Des médecins et personnels des urgences du centre hospitalier d'Orléans montent au créneau pour dénoncer publiquement la situation critique de leur service qui, selon eux, vient altérer considérablement la qualité des soins apportés.
Sur le parking des urgences du centre hospitalier d'Orléans (CHRO), à la Source, les voitures alignées en nombre trahissent déjà une affluence importante. Frédéric Mailly, routier de profession, ressort la mine basse. Depuis trois jours, sa jambe est purulente, ni nettoyée ni calmée. Il arrive de Pithiviers, où son médecin n'a pas pu le prendre en charge. Pareil à l'hôpital local.
Il a donc décidé d'aller directement aux urgences. "Hier soir, ils ont pris une photo et l'ont montrée au docteur, qui a dit qu'il fallait aller aux urgences dermatologiques", raconte-t-il. Le lendemain, il revient sur place "à 9h30 et on me refuse, il n'y a pas de place". "Si ça s'empire, je fais quoi ?", s'inquiète-t-il.

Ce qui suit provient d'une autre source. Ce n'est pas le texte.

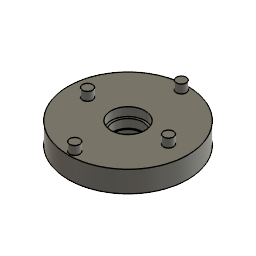
magnet zigu (Autodesk Fusion 360 design; units mm, degrees)
Autodesk Fusion 360 part; units mm, degrees
sketch "スケッチ1" plane through (0, 0, 0) normal (0, 1, 0) x (1, 0, 0)
  circle A0 centre (0, 0) radius 14
  circle A1 centre (0, 0) radius 9.5 construction
  line L0 (-9.5, 0) -> (9.5, 0) construction
  circle A2 centre (-9.5, 0) radius 1.175
  circle A3 centre (9.5, 0) radius 1.175
  circle A4 centre (0, 0) radius 12.5 construction
  line L1 (0, 12.5) -> (0, -12.5) construction
  circle A5 centre (0, 12.5) radius 1.175
  circle A6 centre (0, -12.5) radius 1.175
  dimension "d1" = 28
  dimension "d2" = 19
  dimension "d3" = 2.35
  dimension "d4" = 2.35
  dimension "d5" = 25
  dimension "d6" = 2.35
  dimension "d7" = 2.35
  constraint coincident A0.centre A1.centre
  constraint coincident A1 L0.start
  constraint coincident A1 L0.end
  constraint horizontal L0
  constraint coincident A0.centre L0
  constraint coincident L0.start A2.centre
  constraint coincident L0.end A3.centre
  constraint concentric A0 A4
  constraint coincident A4 L1.start
  constraint coincident A4 L1.end
  constraint vertical L1
  constraint coincident A0.centre L1
  constraint coincident L1.start A5.centre
  constraint coincident L1.end A6.centre
  measures "d1" diameter of A0
  measures "d2" diameter of A1
  measures "d3" diameter of A2
  measures "d4" diameter of A3
  measures "d5" diameter of A4
  measures "d6" diameter of A5
  measures "d7" diameter of A6
extrude "押し出し1" add sketch "スケッチ1" along normal blind 2 contours A2 | A3 | A5 | A6 makes body 1 at (-8.3265, 1.3333, 0.0586) makes body 2 at (10.6735, 1.3333, 0.0586) makes body 3 at (1.1735, 1.3333, -12.4414) makes body 4 at (1.1735, 1.3333, 12.5586)
extrude "押し出し2" add sketch "スケッチ1" against normal blind 4 contours A0 | A2 | A3 | A5 | A6 bodies 1 2 3 4
sketch "スケッチ2" plane through (0, -4, 0) normal (0, -1, 0) x (1, 0, 0)
  circle A0 centre (0, 0) radius 14
  circle A1 centre (0, 0) radius 4
  dimension "d12" = 8
  constraint coincident A0.centre A1.centre
  measures "d12" diameter of A1
extrude "押し出し3" cut sketch "スケッチ2" against normal blind 4 contours A1 bodies 1
ref_plane "作業平面1" through (0, -2, 0) normal (0, -1, 0) x (-1, 0, 0)
sketch "スケッチ3" plane through (0, -2, 0) normal (0, -1, 0) x (-1, 0, 0)
  circle A0 centre (0, 0) radius 4
  circle A1 centre (0, 0) radius 3.45
  dimension "d16" = 8
  dimension "d17" = 6.9
  constraint coincident A0.centre A1.centre
  constraint concentric A0 A1
  measures "d16" diameter of A0
  measures "d17" diameter of A1
extrude "押し出し4" add sketch "スケッチ3" along normal blind 3 bodies 1
ref_plane "作業平面3" through (0, -4, 0) normal (0, -1, 0) x (-1, 0, 0)
sketch "スケッチ5" plane through (0, -4, 0) normal (0, -1, 0) x (-1, 0, 0)
  circle A0 centre (0, 0) radius 3.45
  circle A1 centre (0, 0) radius 3.15
  dimension "d26" = 6.9
  dimension "d27" = 6.3
  constraint coincident A0.centre A1.centre
  measures "d26" diameter of A0
  measures "d27" diameter of A1
extrude "押し出し6" add sketch "スケッチ5" along normal blind 1 bodies 1
extrude "押し出し7" add 1 faces at (10.6145, -4, 0.6955) along direction (0, -1, 0) blind 1 on bodies 1 bodies 1

Difficile de savoir à quel moment la situation est devenue aussi critique. Quoi qu'il en soit, des soignants des urgences ont choisi de rompre le silence par voie de presse, en livrant de nombreux témoignages à La République du Centre cette semaine.
9 heures d'attente sous les néons
Sur les 38 médecins du service, deux font le choix de donner l'alerte sans autorisation de l'hôpital, anonymement, et témoignent auprès de France 3 Centre-Val de Loire. À en croire l'un, l'attente "avant de voir un médecin et d'être pris en charge correctement" peut "aller de 2 à 6 heures, parfois 9".
Car, faute de lits dans les services et par manque criant de personnels, 200 chambres vides ponctuent les étages du CHRO, dont 135 ont fermé rien que depuis le début de la crise sanitaire il y a bientôt deux ans. Pourtant, un rapport de la Chambre régionale des comptes du Centre-Val de Loire daté d'octobre 2020, qui a évalué les finances du CHRO entre 2011 et 2019, jugeait l'établissement "surdimensionné". L'instance invitait donc l'hôpital... à baisser ses dépenses.
Les conséquences de ce manque de lits sont potentiellement dramatiques. "Un retard de 9h dans la prise en charge d'une appendicite, ça peut être délétère", explique un docteur :
Au lieu d'avoir une appendicite simple, on peut avoir une péritonite.
Un médecin urgentiste du CHRO
"Est-ce qu'on va avoir un décès évitable ?"
Les personnels du service racontent que, un matin, 54 patients de la nuit sont restés coincés en attente d'une hospitalisation, un cas grave finissant par se faire emmener par les pompiers. "Une personne âgée qui va être sur un brancard ne va pas dormir, va avoir la lumière au dessus d'elle pendant 24 ou 48h, elle ne sait pas quelle heure elle est, elle n'a pas de contact avec sa famille, liste un médecin. Tous les besoins essentiels d'un être humain peuvent être remis en question à cet endroit."
Depuis trois semaines, le syndicat Sud a déclenché une alerte, restée sans réponse de la direction selon Grégory Quinet, secrétaire départemental Sud-Santé. "On envoie des mails en sollicitant la protection civile pour avoir de l'aide, ou la réserve sanitaire", regrette-t-il, fustigeant le manque d'un comité d'hygiène, de sécurité et des conditions de travail (CHSCT).
Alors pour les personnels soignants, ne restent que "des angoisses terribles". "Quand on part en garde, on se dit : "Est-ce qu'on va avoir un décès évitable, ou une conséquence au long court ?" comme une paralysie pour un AVC qu'on rate, des séquelles à vie..." Pourtant, ces médecins insistent : en cas d'urgence, il faut venir quand même. Rien n'est pire que de laisser filer.
Contactée, la direction n'a pas souhaité recevoir l'équipe télévisée de France 3 Centre-Val de Loire.